### Exercise requirements
Take the lines below beginning at the line that has "64.1v3h.4M428.5 68.1h-.4v7.4M428.5 67.1v13.9l.5" and stopping after the line that has "148.2l.7 .3M568.6 151.6l-.6", and print them exactly as they are, with no other lines.

(Data extracted from a collection)
————————

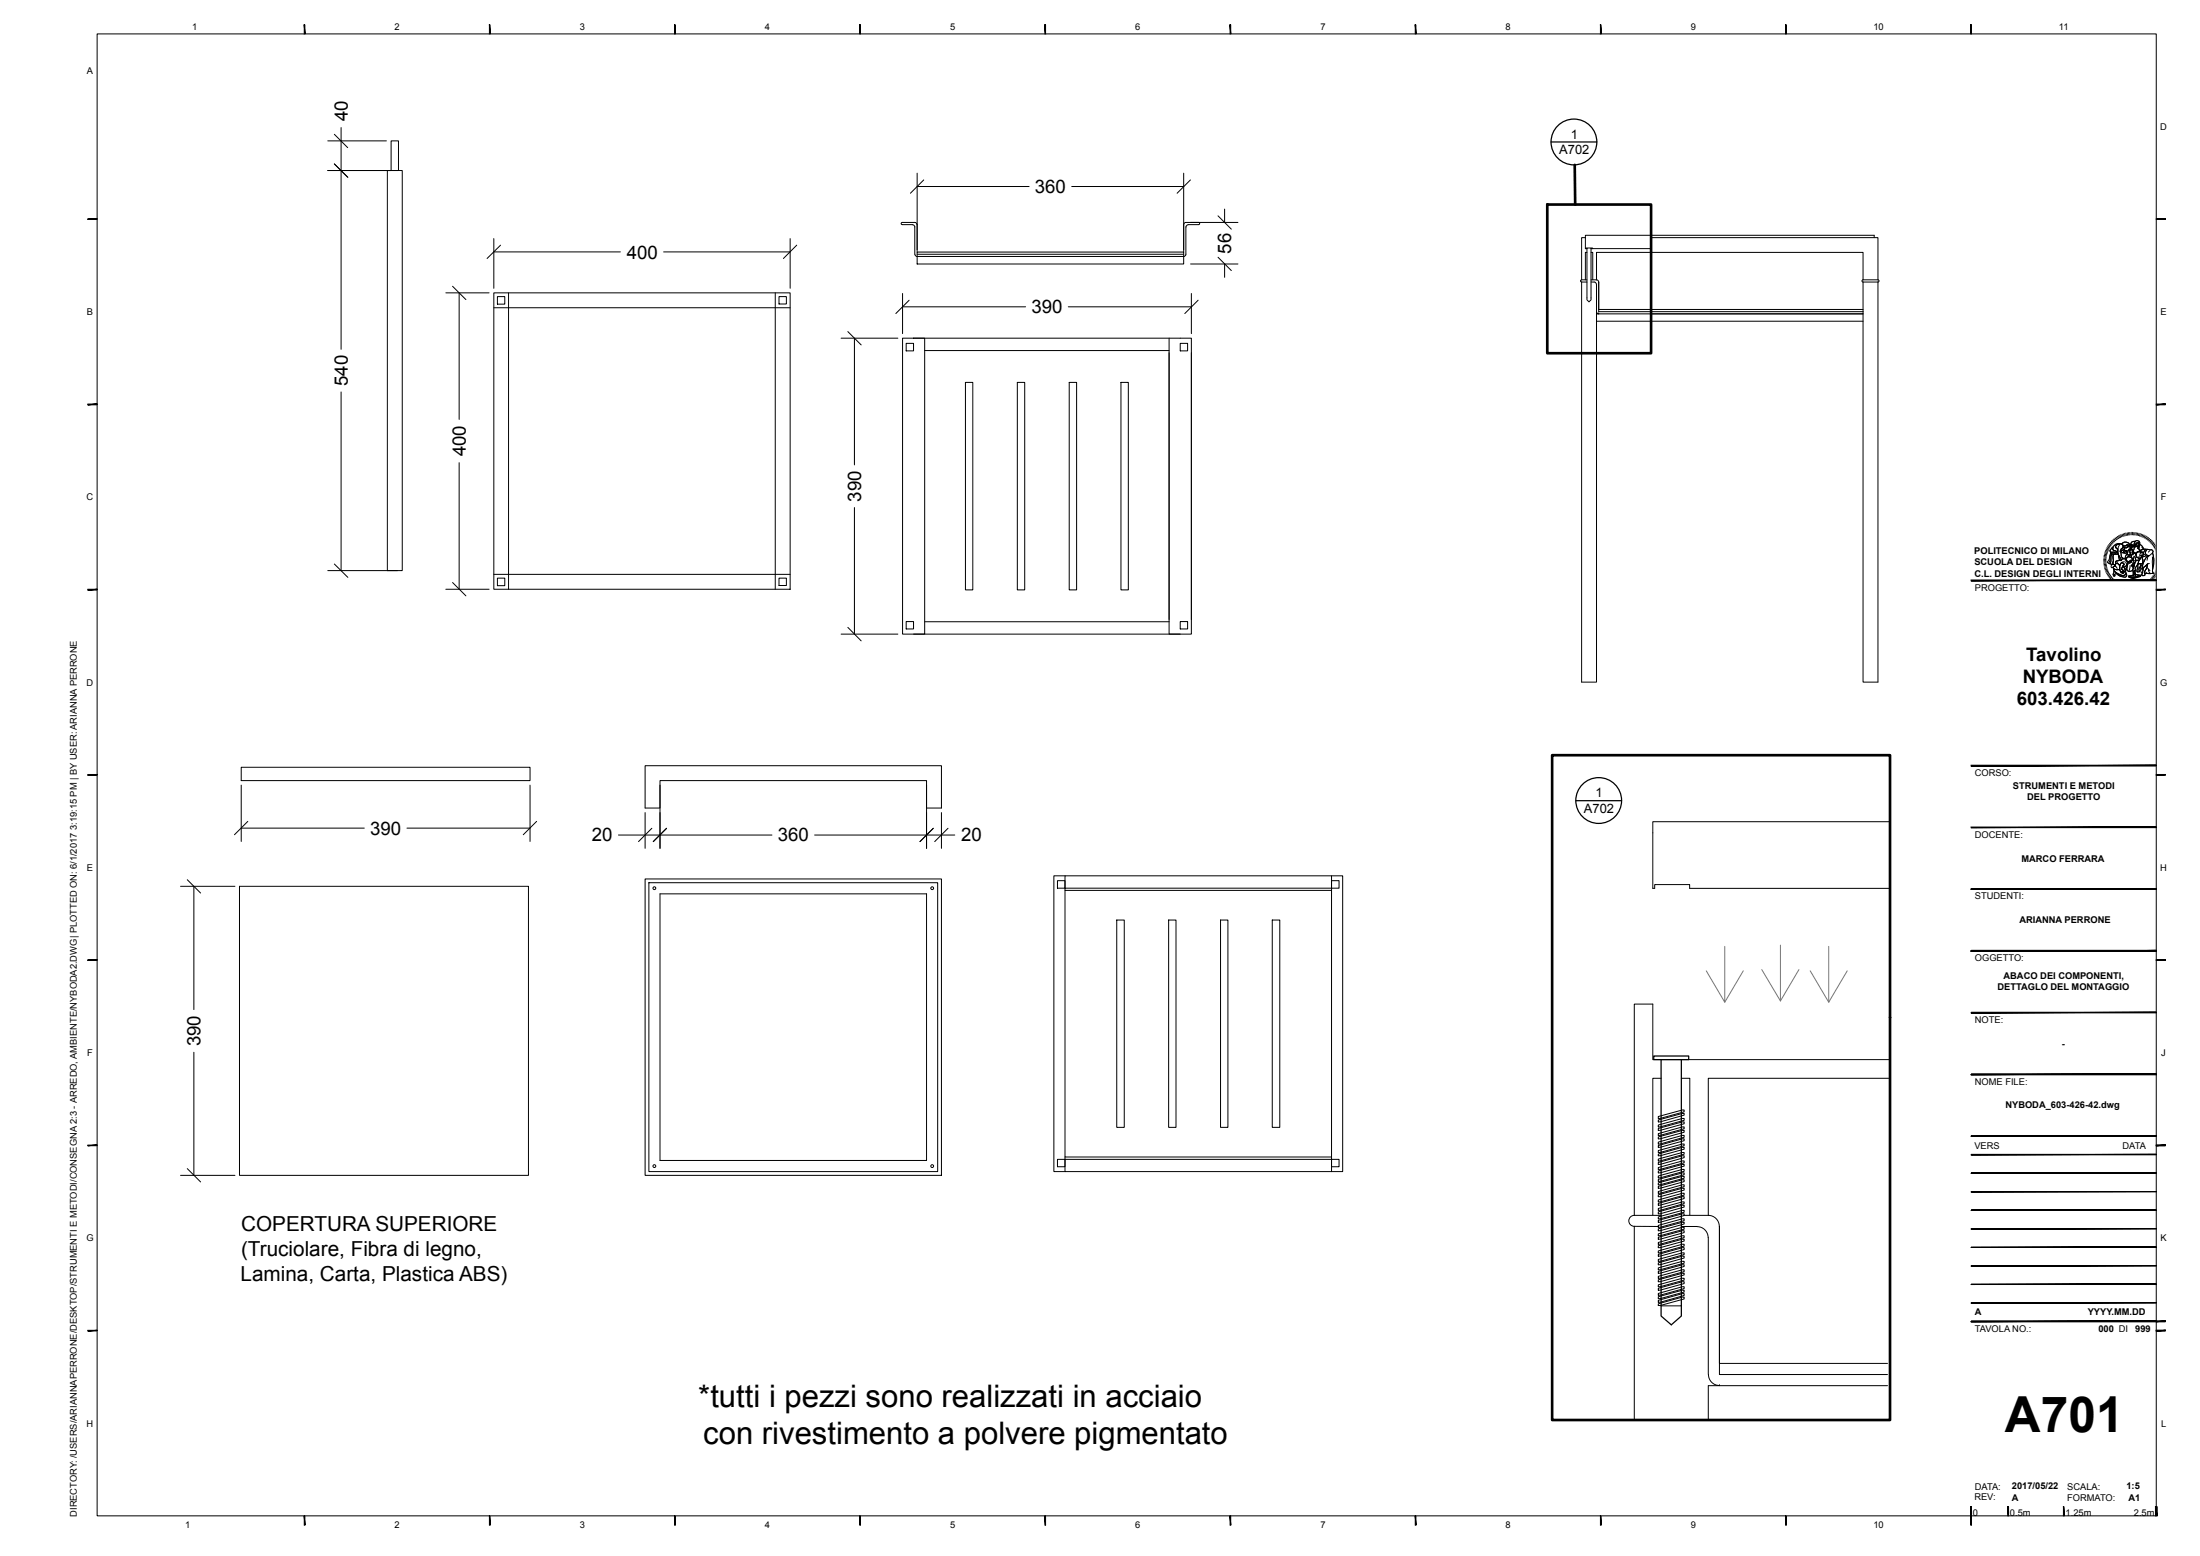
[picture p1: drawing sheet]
<svg xmlns="http://www.w3.org/2000/svg" width="594mm" height="420mm" viewBox="0 0 594 420" stroke-linecap="round" stroke-linejoin="round" font-family="sans-serif">
<g fill="none" stroke="#000" stroke-width=".27">
<path d="M26.2 9.2h556v400h-556zM88.5 38h15.8M90.3 36.2l3.6 3.6M92.1 34.4v59.9M88.5 46h18.8M90.3 44.2l3.6 3.6M104.6 46h4v108h-4zM104.6 46h1v-8h2v8M247.6 46.7v21.3M247.6 50.3h30.3M249.4 48.6l-3.6 3.6M289.4 50.3h30.2"/>
<path d="M319.6 46.7v21.3M321.4 48.6l-3.6 3.6M328.9 58.3l3.6 3.6M330.6 56.4v3.6M120.4 79h11.7M122.2 77.3l3.6 3.6M124 79v34.2M133.3 79h80v80.1h-80zM133.3 64.4v13.4M133.3 68h34.2M135.1 66.2l-3.6 3.6M137.3 79v80.1"/>
<path d="M179.2 68h34.1M209.3 79v80.1M213.3 64.4v13.4M215.1 66.2l-3.6 3.6M243.7 79.2v10.9M246.4 60.6h-2.8l-.3-.3 .3-.3h3.4l.4 .2 .2 .4M246.4 60.7l.4 .1 .2 .5M247 61.2v7.4M247.6 68h72v3.3h-72zM247.6 68.6h72M320.2 61.2v7.4l-.2 .5-.4 .1h-72l-.4-.1-.2-.5M320.8 60.7l-.4 .1-.2 .5"/>
<path d="M321.5 71.3h12.7M321.7 79.2v10.9M323.6 60l.3 .3-.3 .3h-2.8M328.9 69.4l3.6 3.6M330.6 71.3v3.6M334.2 60h-14l-.4 .2-.2 .4M427 75.5l-.3 .3 .3 .3M427 76.1v108h4.1v-99.4h71.9v99.4h4v-108M427 76.1h1.5M427 75.5h1.5M428.1 64.1h-1.1v11.4M428.1 64.1v-.6h77.9v.6"/>
<path d="M428.1 64.1v3h.4M428.5 68.1h-.4v7.4M428.5 67.1v13.9l.5 .5 .6-.5v-13.9M428.5 67.1h-.4v-.2h1.9v.2h-.4M429.6 76.1l1.1 .1 .3 .5M429.6 68.1h.4v7.4M429.6 75.5h1.5M429.6 67.1h16.2M431.1 75.5l.4 .2 .2 .4v8h71.4M431.1 75.5v-7.4h71.9v7.4M431.1 76.7v7.4l.1 .4 .5 .2M445.8 64.1h61.2v11.4"/>
<path d="M503 75.5l-.3 .3 .3 .3M503 76.1v8.6h-57.2M503 76.1h4M503 75.5h4M507 75.5l.3 .3-.3 .3M133.3 83.1h80M134.3 80.1h2v2h-2zM210.3 80.1h2v2h-2zM227.1 91.3h15.3M228.9 89.5l3.6 3.6M230.7 91.3v34.2M243.7 91.3h6v79.9h-6z"/>
<path d="M243.7 82.8h33.2M244.7 92.7h2v2h-2zM245.5 81l-3.6 3.6M246.7 91.3h75v79.9h-6v-79.9M249.7 94.6h66M288.4 82.8h33.3M315.7 95.2v72M318.7 92.7h2v2h-2zM321.7 95.2v72M323.5 81l-3.6 3.6M431.1 83.5v3.2h71.9M431.7 84.7h.1"/>
<path d="M431.7 83.5h71.3M92.1 105.8v48.2M260.7 103.2h2v56h-2zM274.7 103.2h2v56h-2zM288.7 103.2h2v56h-2zM302.7 103.2h2v56h-2zM124 124.9v34.2M230.7 137v34.2M88.5 154h18.8M90.3 152.2l3.6 3.6M120.4 159.1h11.7M122.2 157.2l3.6 3.6"/>
<path d="M133.3 155h80M134.3 156.1h2v2h-2zM210.3 156.1h2v1.9h-2zM568 151h.6M568 151.4h.6M568 150.6l.7 .1M568 150.3l.7 .1M568.1 149.9l.7 .1M568.2 149.6l.7 .1M568.3 149.2l.6 .2M568.4 148.9l.6 .2M568.5 148.6l.7 .2"/>
<path d="M568.6 148.2l.7 .3M568.6 151.6l-.6 .1M568.7 152h-.7M568.7 152.3l-.7 .1M568.8 152.6l-.7 .1M568.8 147.9l.6 .3M568.8 153l-.6 .1M568.9 153.3l-.6 .2M569 147.6l.6 .3M569 153.6l-.7 .2M569.1 153.9l-.6 .2M569.2 147.3l.5 .3"/>
<path d="M569.2 154.2l-.6 .2M569.4 147l.5 .4M569.4 154.5l-.6 .3M569.5 154.8l-.6 .3M569.6 146.7l.5 .4M569.7 155l-.6 .4M569.8 146.4l.5 .5M569.9 149h.6a.76 .76 0 0 0 1.3-.1l.1 .6-.4 .1-1.6-.2zM569.9 148.9v.5M569.9 155.3l-.6 .4M570 149.5l-.2 .4-.1 1.5-.4 .6 .4 .2M570 146.1l.5 .5"/>
<path d="M570.1 155.6l-.6 .4M570.1 148l.4-.2a.77 .77 0 0 0 .1 .8 .77 .77 0 0 0 .8 .2l.3 .1-.5 .4-.5-.3-.5 .1a.45 .45 0 0 1-.5-.3 .45 .45 0 0 1 .3-.5zM570.3 149.6h.5l-.3 .6v2.2l-.8-.2 .2-.6 .1-1.6zM570.3 145.9l.5 .5M570.3 155.8l-.6 .5M570.3 149.5v.1a1.89 1.89 0 0 0-.3 2l-.3 .6 .7 .2M570.5 147.8l-.5 .5a.45 .45 0 0 0-.3 .5 .45 .45 0 0 0 .5 .3l.3-.1a.76 .76 0 0 0 1.3-.1M570.5 156.1l-.5 .5M570.5 153.1a.72 .72 0 0 0 .9 .7l.9-.2M570.5 145.6l.5 .5M570.6 147.5a1.88 1.88 0 0 1 1.9-.7 .98 .98 0 0 0-1.2 1l.5 .3v.7l-.1 .1-.5-.2a.73 .73 0 0 1-.7-.4 .73 .73 0 0 1 .1-.8zM570.7 153.5l.7 .3 .9-.2 .4 1 .2-.2 .3 .4-.2-.6 .4 .5-.2-.5 .4 .2-.4-.5a.44 .44 0 0 1-.4-.4 .44 .44 0 0 1 .3-.5h.4l.2 .7a1.06 1.06 0 0 1-.2 1.6h-.7a2.62 2.62 0 0 1-2.1-1.8z"/>
<path d="M570.7 153.5a1.79 1.79 0 0 0 1.7 1.6l1 .4M570.7 149.6l-.2 .6v2.2M570.7 156.3l-.4 .5M570.8 149.6h.4a.8 .8 0 0 1 1 .6l.3 .4a.64 .64 0 0 1-.8 .8 .4 .4 0 0 0-.5 .2 .4 .4 0 0 0 .2 .5l-.4 .4a.82 .82 0 0 1-.4-1.3l-.1-1zM570.8 154.1l1.9 1.1a.95 .95 0 0 0 1.3-.5 .63 .63 0 0 1 .1 1 .63 .63 0 0 1-1 0l-1-.4a.77 .77 0 0 0-1.1-.3v.4a.35 .35 0 0 1-.5-.1 .35 .35 0 0 1 .1-.4zM570.8 145.4l.4 .5M570.8 154.1l-.1 .5a.53 .53 0 0 0 .1 .9l.3-.1-.2-.2a.57 .57 0 0 1 .6-.4 .57 .57 0 0 1 .5 .5l.4 .2a1.71 1.71 0 0 0 1.7 0l-.1-.8M570.9 156.6l-.4 .4M571 152.6l-.1-.1a.53 .53 0 0 0-.9 .2v.3a.54 .54 0 0 0 .9-.2l.4 .1 .4 .5M571.1 145.2l.4 .5M571.2 156.8l-.4 .5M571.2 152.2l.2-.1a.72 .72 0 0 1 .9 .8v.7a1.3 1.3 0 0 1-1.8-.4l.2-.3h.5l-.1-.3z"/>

————————

### Solution below
<path d="M428.1 64.1v3h.4M428.5 68.1h-.4v7.4M428.5 67.1v13.9l.5 .5 .6-.5v-13.9M428.5 67.1h-.4v-.2h1.9v.2h-.4M429.6 76.1l1.1 .1 .3 .5M429.6 68.1h.4v7.4M429.6 75.5h1.5M429.6 67.1h16.2M431.1 75.5l.4 .2 .2 .4v8h71.4M431.1 75.5v-7.4h71.9v7.4M431.1 76.7v7.4l.1 .4 .5 .2M445.8 64.1h61.2v11.4"/>
<path d="M503 75.5l-.3 .3 .3 .3M503 76.1v8.6h-57.2M503 76.1h4M503 75.5h4M507 75.5l.3 .3-.3 .3M133.3 83.1h80M134.3 80.1h2v2h-2zM210.3 80.1h2v2h-2zM227.1 91.3h15.3M228.9 89.5l3.6 3.6M230.7 91.3v34.2M243.7 91.3h6v79.9h-6z"/>
<path d="M243.7 82.8h33.2M244.7 92.7h2v2h-2zM245.5 81l-3.6 3.6M246.7 91.3h75v79.9h-6v-79.9M249.7 94.6h66M288.4 82.8h33.3M315.7 95.2v72M318.7 92.7h2v2h-2zM321.7 95.2v72M323.5 81l-3.6 3.6M431.1 83.5v3.2h71.9M431.7 84.7h.1"/>
<path d="M431.7 83.5h71.3M92.1 105.8v48.2M260.7 103.2h2v56h-2zM274.7 103.2h2v56h-2zM288.7 103.2h2v56h-2zM302.7 103.2h2v56h-2zM124 124.9v34.2M230.7 137v34.2M88.5 154h18.8M90.3 152.2l3.6 3.6M120.4 159.1h11.7M122.2 157.2l3.6 3.6"/>
<path d="M133.3 155h80M134.3 156.1h2v2h-2zM210.3 156.1h2v1.9h-2zM568 151h.6M568 151.4h.6M568 150.6l.7 .1M568 150.3l.7 .1M568.1 149.9l.7 .1M568.2 149.6l.7 .1M568.3 149.2l.6 .2M568.4 148.9l.6 .2M568.5 148.6l.7 .2"/>
<path d="M568.6 148.2l.7 .3M568.6 151.6l-.6 .1M568.7 152h-.7M568.7 152.3l-.7 .1M568.8 152.6l-.7 .1M568.8 147.9l.6 .3M568.8 153l-.6 .1M568.9 153.3l-.6 .2M569 147.6l.6 .3M569 153.6l-.7 .2M569.1 153.9l-.6 .2M569.2 147.3l.5 .3"/>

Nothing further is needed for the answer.